* Prompt *
Copy the records below word for word, from the first line through the line that contains "23.5046981126), (-49.7021263232, -28.4953018874))", and leave out any pictures.

[Data records]
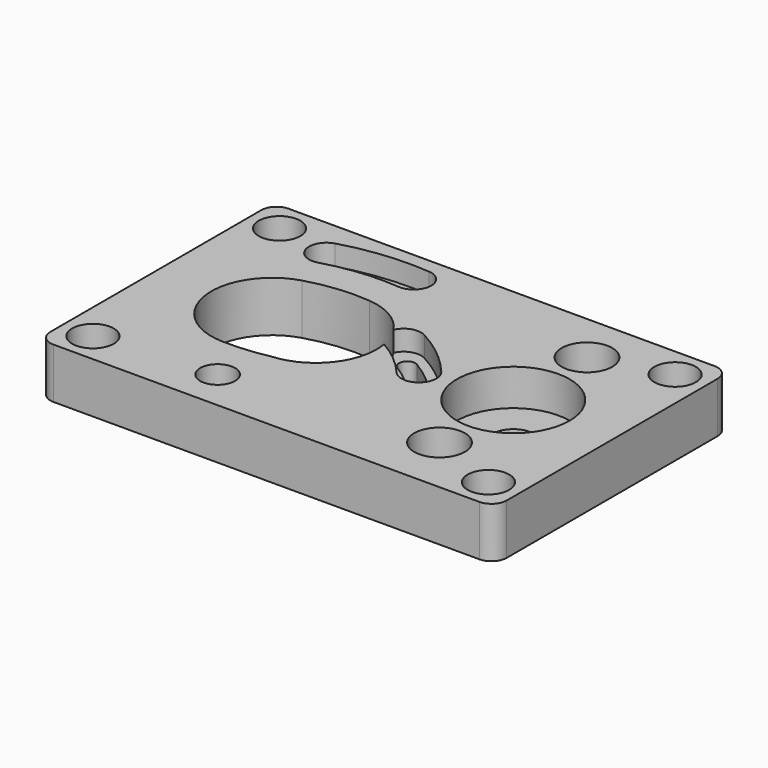
from build123d import *

# Parameters (mm, degrees)
F0_R     = 4.1
F0_R_2   = 3.45
F0_R_3   = 5
F0_R_4   = 11.1
F0_R_5   = 2.1
F0_R_6   = 2.6
F1_DEPTH = 14.96546
F2_DEPTH = 7.2
F3_DEPTH = 10
F4_DEPTH = 6
F5_DEPTH = 5
F6_DEPTH = 4
F8_DEPTH = 5
F9_DEPTH = 4


# Not quite as in the source:
# - a feature of the source that left no trace in its solid (it failed there, or was rolled back) is left out


with BuildPart() as f1:
    # F0 (on Top) → F1 (new body)
    with BuildSketch(Plane.XY):
        with BuildLine():
            Line((40.2978736768, -28.4953018874), (40.2978736768, 23.5046981126))
            ThreePointArc((40.2978736768, 23.5046981126), (39.4191940204, 25.6260184562), (37.2978736768, 26.5046981126))
            Line((37.2978736768, 26.5046981126), (-46.7021263232, 26.5046981126))
            ThreePointArc((-46.7021263232, 26.5046981126), (-48.8234466667, 25.6260184562), (-49.7021263232, 23.5046981126))
            Line((-49.7021263232, 23.5046981126), (-49.7021263232, -28.4953018874))
            ThreePointArc((-49.7021263232, -28.4953018874), (-48.8234466667, -30.616622231), (-46.7021263232, -31.4953018874))
            Line((-46.7021263232, -31.4953018874), (37.2978736768, -31.4953018874))
            ThreePointArc((37.2978736768, -31.4953018874), (39.4191940204, -30.616622231), (40.2978736768, -28.4953018874))
        make_face()
        with Locations((-43.7021263232, -25.4953018874)):
            Circle(F0_R, mode=Mode.SUBTRACT)
        with Locations((-20.7021263232, -23.4953018874)):
            Circle(F0_R_2, mode=Mode.SUBTRACT)
        with Locations((34.2978736768, -25.4953018874)):
            Circle(F0_R, mode=Mode.SUBTRACT)
        with Locations((20.1414857655, -19.8624731614)):
            Circle(F0_R_3, mode=Mode.SUBTRACT)
        with BuildLine():
            ThreePointArc((-27.0610410054, -14.4384550356), (-38.7042248704, -4.0027379443), (-30.1483130342, 9.0840605325))
            ThreePointArc((-30.1483130342, 9.0840605325), (-24.0401350261, 10.2970418321), (-17.812757717, 10.3276042456))
            ThreePointArc((-17.812757717, 10.3276042456), (-12.7496960333, 8.7173903949), (-8.8746668433, 5.0826234101))
            ThreePointArc((-8.8746668433, 5.0826234101), (-6.8344324137, 6.9213428638), (-4.0982992493, 6.6825520261))
            ThreePointArc((-4.0982992493, 6.6825520261), (1.1534268102, 3.1535460469), (5.6424990908, -1.3054605538))
            ThreePointArc((5.6424990908, -1.3054605538), (5.2222958167, -6.1522895109), (0.3747665359, -5.7402438785))
            ThreePointArc((0.3747665359, -5.7402438785), (-3.0402373822, -2.3589951286), (-6.9849022966, 0.3859481464))
            ThreePointArc((-6.9849022966, 0.3859481464), (-9.3764041754, -9.0783459927), (-18.0015595875, -13.6498707823))
            ThreePointArc((-18.0015595875, -13.6498707823), (-22.5078898853, -14.3131084069), (-27.0610410054, -14.4384550356))
        make_face(mode=Mode.SUBTRACT)
        with Locations((-43.7021263232, 20.5046981126)):
            Circle(F0_R, mode=Mode.SUBTRACT)
        with BuildLine():
            ThreePointArc((-33.8725847885, 21.9236712826), (-25.3542994236, 23.5653120636), (-16.6794617957, 23.6232960342))
            ThreePointArc((-16.6794617957, 23.6232960342), (-13.5354362045, 19.8923305986), (-17.2664016401, 16.7483050074))
            ThreePointArc((-17.2664016401, 16.7483050074), (-24.6755091002, 16.698781375), (-31.9509065603, 15.2966694878))
            ThreePointArc((-31.9509065603, 15.2966694878), (-36.2252465717, 17.6493312711), (-33.8725847885, 21.9236712826))
        make_face(mode=Mode.SUBTRACT)
        with Locations((20.1414857655, -1.6874731614)):
            Circle(F0_R_4, mode=Mode.SUBTRACT)
        with Locations((20.1414857655, 16.4875268386)):
            Circle(F0_R_3, mode=Mode.SUBTRACT)
        with Locations((34.2978736768, 20.5046981126)):
            Circle(F0_R, mode=Mode.SUBTRACT)
        with Locations((-43.7021263232, -25.4953018874)):
            Circle(F0_R)
        with Locations((-43.7021263232, -25.4953018874)):
            Circle(F0_R_5, mode=Mode.SUBTRACT)
        with Locations((20.1414857655, -19.8624731614)):
            Circle(F0_R_3)
        with Locations((20.1414857655, -19.8624731614)):
            Circle(F0_R_6, mode=Mode.SUBTRACT)
        with Locations((34.2978736768, -25.4953018874)):
            Circle(F0_R)
        with Locations((34.2978736768, -25.4953018874)):
            Circle(F0_R_5, mode=Mode.SUBTRACT)
        with Locations((34.2978736768, 20.5046981126)):
            Circle(F0_R)
        with Locations((34.2978736768, 20.5046981126)):
            Circle(F0_R_5, mode=Mode.SUBTRACT)
        with Locations((-43.7021263232, 20.5046981126)):
            Circle(F0_R)
        with Locations((-43.7021263232, 20.5046981126)):
            Circle(F0_R_5, mode=Mode.SUBTRACT)
        with BuildLine():
            ThreePointArc((-4.0982992493, 6.6825520261), (-6.8344324137, 6.9213428638), (-8.8746668433, 5.0826234101))
            ThreePointArc((-8.8746668433, 5.0826234101), (-7.6798178788, 2.8348629236), (-6.9849022966, 0.3859481464))
            ThreePointArc((-6.9849022966, 0.3859481464), (-3.0402373822, -2.3589951286), (0.3747665359, -5.7402438785))
            ThreePointArc((0.3747665359, -5.7402438785), (5.2222958167, -6.1522895109), (5.6424990908, -1.3054605538))
            ThreePointArc((5.6424990908, -1.3054605538), (1.1534268102, 3.1535460469), (-4.0982992493, 6.6825520261))
        make_face()
        with BuildLine():
            ThreePointArc((4.228426517, -2.4874076976), (4.0359128199, -4.7419450063), (1.7813755112, -4.5494313092))
            ThreePointArc((1.7813755112, -4.5494313092), (-1.4971898234, -1.2504793297), (-5.2500213098, 1.4969432172))
            Line((-5.2500213098, 1.4969432172), (-5.3461533688, 1.5561161463))
            ThreePointArc((-5.3461533688, 1.5561161463), (-5.8160652882, 3.7640280348), (-3.6190713255, 4.2825930236))
            ThreePointArc((-3.6190713255, 4.2825930236), (-3.6136992043, 4.2793262139), (-3.6083277364, 4.2760583301))
            ThreePointArc((-3.6083277364, 4.2760583301), (0.5902920346, 1.2190394089), (4.228426517, -2.4874076976))
        make_face(mode=Mode.SUBTRACT)
        with Locations((20.1414857655, -1.6874731614)):
            Circle(F0_R_4)
        with Locations((20.1414857655, -1.6874731614)):
            Circle(F0_R, mode=Mode.SUBTRACT)
        with Locations((20.1414857655, 16.4875268386)):
            Circle(F0_R_3)
        with Locations((20.1414857655, 16.4875268386)):
            Circle(F0_R_6, mode=Mode.SUBTRACT)
        with BuildLine():
            ThreePointArc((-17.2664016401, 16.7483050074), (-13.5354362045, 19.8923305986), (-16.6794617957, 23.6232960342))
            ThreePointArc((-16.6794617957, 23.6232960342), (-25.3542994236, 23.5653120636), (-33.8725847885, 21.9236712826))
            ThreePointArc((-33.8725847885, 21.9236712826), (-36.2252465717, 17.6493312711), (-31.9509065603, 15.2966694878))
            ThreePointArc((-31.9509065603, 15.2966694878), (-24.6755091002, 16.698781375), (-17.2664016401, 16.7483050074))
        make_face()
        with BuildLine():
            ThreePointArc((-32.4661391287, 17.0734743169), (-34.4484417427, 18.1645638395), (-33.35735222, 20.1468664535))
            ThreePointArc((-33.35735222, 20.1468664535), (-25.1723049166, 21.7242857196), (-16.836829725, 21.7800013386))
            ThreePointArc((-16.836829725, 21.7800013386), (-15.3787309001, 20.0496985279), (-17.1090337108, 18.591599703))
            ThreePointArc((-17.1090337108, 18.591599703), (-24.8575036072, 18.5398077191), (-32.4661391287, 17.0734743169))
        make_face(mode=Mode.SUBTRACT)
    extrude(amount=-F1_DEPTH)

    # F0 (on Top) → F2 (cut)
    with BuildSketch(Plane.XY):
        with Locations((20.1414857655, -1.6874731614)):
            Circle(F0_R_4)
        with Locations((20.1414857655, -1.6874731614)):
            Circle(F0_R, mode=Mode.SUBTRACT)
    extrude(amount=-F2_DEPTH, mode=Mode.SUBTRACT)

    # F0 (on Top) → F3 (join)
    with BuildSketch(Plane.XY):
        with Locations((-20.7021263232, -23.4953018874)):
            Circle(F0_R_2)
        with BuildLine():
            ThreePointArc((-20.5702775175, -21.9509198451), (-19.5604464975, -22.4469378401), (-19.1521263232, -23.4953018874))
            ThreePointArc((-19.1521263232, -23.4953018874), (-21.6330919297, -24.7345770947), (-21.1338076643, -22.0066275712))
            ThreePointArc((-21.1338076643, -22.0066275712), (-20.9954642962, -21.9733121261), (-20.8546486103, -21.9528243505))
            ThreePointArc((-20.8546486103, -21.9528243505), (-20.7125068335, -21.9453366475), (-20.5702775175, -21.9509198451))
        make_face(mode=Mode.SUBTRACT)
    extrude(amount=-F3_DEPTH)

    # F0 (on Top) → F4 (cut)
    with BuildSketch(Plane.XY):
        with Locations((20.1414857655, 16.4875268386)):
            Circle(F0_R_3)
        with Locations((20.1414857655, 16.4875268386)):
            Circle(F0_R_6, mode=Mode.SUBTRACT)
        with Locations((20.1414857655, -19.8624731614)):
            Circle(F0_R_3)
        with Locations((20.1414857655, -19.8624731614)):
            Circle(F0_R_6, mode=Mode.SUBTRACT)
    extrude(amount=-F4_DEPTH, mode=Mode.SUBTRACT)

    # F0 (on Top) → F5 (cut)
    with BuildSketch(Plane.XY):
        with Locations((-43.7021263232, 20.5046981126)):
            Circle(F0_R)
        with Locations((-43.7021263232, 20.5046981126)):
            Circle(F0_R_5, mode=Mode.SUBTRACT)
        with Locations((-43.7021263232, -25.4953018874)):
            Circle(F0_R)
        with Locations((-43.7021263232, -25.4953018874)):
            Circle(F0_R_5, mode=Mode.SUBTRACT)
        with Locations((34.2978736768, 20.5046981126)):
            Circle(F0_R)
        with Locations((34.2978736768, 20.5046981126)):
            Circle(F0_R_5, mode=Mode.SUBTRACT)
        with Locations((34.2978736768, -25.4953018874)):
            Circle(F0_R)
        with Locations((34.2978736768, -25.4953018874)):
            Circle(F0_R_5, mode=Mode.SUBTRACT)
    extrude(amount=-F5_DEPTH, mode=Mode.SUBTRACT)

    # F0 (on Top) → F6 (cut)
    with BuildSketch(Plane.XY):
        with BuildLine():
            ThreePointArc((-17.2664016401, 16.7483050074), (-13.5354362045, 19.8923305986), (-16.6794617957, 23.6232960342))
            ThreePointArc((-16.6794617957, 23.6232960342), (-25.3542994236, 23.5653120636), (-33.8725847885, 21.9236712826))
            ThreePointArc((-33.8725847885, 21.9236712826), (-36.2252465717, 17.6493312711), (-31.9509065603, 15.2966694878))
            ThreePointArc((-31.9509065603, 15.2966694878), (-24.6755091002, 16.698781375), (-17.2664016401, 16.7483050074))
        make_face()
        with BuildLine():
            ThreePointArc((-32.4661391287, 17.0734743169), (-34.4484417427, 18.1645638395), (-33.35735222, 20.1468664535))
            ThreePointArc((-33.35735222, 20.1468664535), (-25.1723049166, 21.7242857196), (-16.836829725, 21.7800013386))
            ThreePointArc((-16.836829725, 21.7800013386), (-15.3787309001, 20.0496985279), (-17.1090337108, 18.591599703))
            ThreePointArc((-17.1090337108, 18.591599703), (-24.8575036072, 18.5398077191), (-32.4661391287, 17.0734743169))
        make_face(mode=Mode.SUBTRACT)
        with BuildLine():
            ThreePointArc((-4.0982992493, 6.6825520261), (-6.8344324137, 6.9213428638), (-8.8746668433, 5.0826234101))
            ThreePointArc((-8.8746668433, 5.0826234101), (-7.6798178788, 2.8348629236), (-6.9849022966, 0.3859481464))
            ThreePointArc((-6.9849022966, 0.3859481464), (-3.0402373822, -2.3589951286), (0.3747665359, -5.7402438785))
            ThreePointArc((0.3747665359, -5.7402438785), (5.2222958167, -6.1522895109), (5.6424990908, -1.3054605538))
            ThreePointArc((5.6424990908, -1.3054605538), (1.1534268102, 3.1535460469), (-4.0982992493, 6.6825520261))
        make_face()
        with BuildLine():
            ThreePointArc((4.228426517, -2.4874076976), (4.0359128199, -4.7419450063), (1.7813755112, -4.5494313092))
            ThreePointArc((1.7813755112, -4.5494313092), (-1.4971898234, -1.2504793297), (-5.2500213098, 1.4969432172))
            Line((-5.2500213098, 1.4969432172), (-5.3461533688, 1.5561161463))
            ThreePointArc((-5.3461533688, 1.5561161463), (-5.8160652882, 3.7640280348), (-3.6190713255, 4.2825930236))
            ThreePointArc((-3.6190713255, 4.2825930236), (-3.6136992043, 4.2793262139), (-3.6083277364, 4.2760583301))
            ThreePointArc((-3.6083277364, 4.2760583301), (0.5902920346, 1.2190394089), (4.228426517, -2.4874076976))
        make_face(mode=Mode.SUBTRACT)
        with Locations((-20.7021263232, -23.4953018874)):
            Circle(F0_R_2)
        with BuildLine():
            ThreePointArc((-20.5702775175, -21.9509198451), (-19.5604464975, -22.4469378401), (-19.1521263232, -23.4953018874))
            ThreePointArc((-19.1521263232, -23.4953018874), (-21.6330919297, -24.7345770947), (-21.1338076643, -22.0066275712))
            ThreePointArc((-21.1338076643, -22.0066275712), (-20.9954642962, -21.9733121261), (-20.8546486103, -21.9528243505))
            ThreePointArc((-20.8546486103, -21.9528243505), (-20.7125068335, -21.9453366475), (-20.5702775175, -21.9509198451))
        make_face(mode=Mode.SUBTRACT)
    extrude(amount=-F6_DEPTH, mode=Mode.SUBTRACT)

    # F8 (cut): a face of the model
    f8_faces = [f1.faces().sort_by_distance(p)[0] for p in [
        (-2.1196773193, -2.7350856403, -14.96546),
    ]]
    extrude(f8_faces, amount=-F8_DEPTH, mode=Mode.SUBTRACT)

    # F0 (on Top) → F9 (cut)
    with BuildSketch(Plane.XY):
        with Locations((-20.7021263232, -23.4953018874)):
            Circle(F0_R_2)
        with BuildLine():
            ThreePointArc((-20.5702775175, -21.9509198451), (-19.5604464975, -22.4469378401), (-19.1521263232, -23.4953018874))
            ThreePointArc((-19.1521263232, -23.4953018874), (-21.6330919297, -24.7345770947), (-21.1338076643, -22.0066275712))
            ThreePointArc((-21.1338076643, -22.0066275712), (-20.9954642962, -21.9733121261), (-20.8546486103, -21.9528243505))
            ThreePointArc((-20.8546486103, -21.9528243505), (-20.7125068335, -21.9453366475), (-20.5702775175, -21.9509198451))
        make_face(mode=Mode.SUBTRACT)
    extrude(amount=-F9_DEPTH, mode=Mode.SUBTRACT)


solid = f1.part

* Answer to this problem *
from build123d import *

# Parameters (mm, degrees)
F0_R     = 4.1
F0_R_2   = 3.45
F0_R_3   = 5
F0_R_4   = 11.1
F0_R_5   = 2.1
F0_R_6   = 2.6
F1_DEPTH = 14.96546
F2_DEPTH = 7.2
F3_DEPTH = 10
F4_DEPTH = 6
F5_DEPTH = 5
F6_DEPTH = 4
F8_DEPTH = 5
F9_DEPTH = 4


# Not quite as in the source:
# - a feature of the source that left no trace in its solid (it failed there, or was rolled back) is left out


with BuildPart() as f1:
    # F0 (on Top) → F1 (new body)
    with BuildSketch(Plane.XY):
        with BuildLine():
            Line((40.2978736768, -28.4953018874), (40.2978736768, 23.5046981126))
            ThreePointArc((40.2978736768, 23.5046981126), (39.4191940204, 25.6260184562), (37.2978736768, 26.5046981126))
            Line((37.2978736768, 26.5046981126), (-46.7021263232, 26.5046981126))
            ThreePointArc((-46.7021263232, 26.5046981126), (-48.8234466667, 25.6260184562), (-49.7021263232, 23.5046981126))
            Line((-49.7021263232, 23.5046981126), (-49.7021263232, -28.4953018874))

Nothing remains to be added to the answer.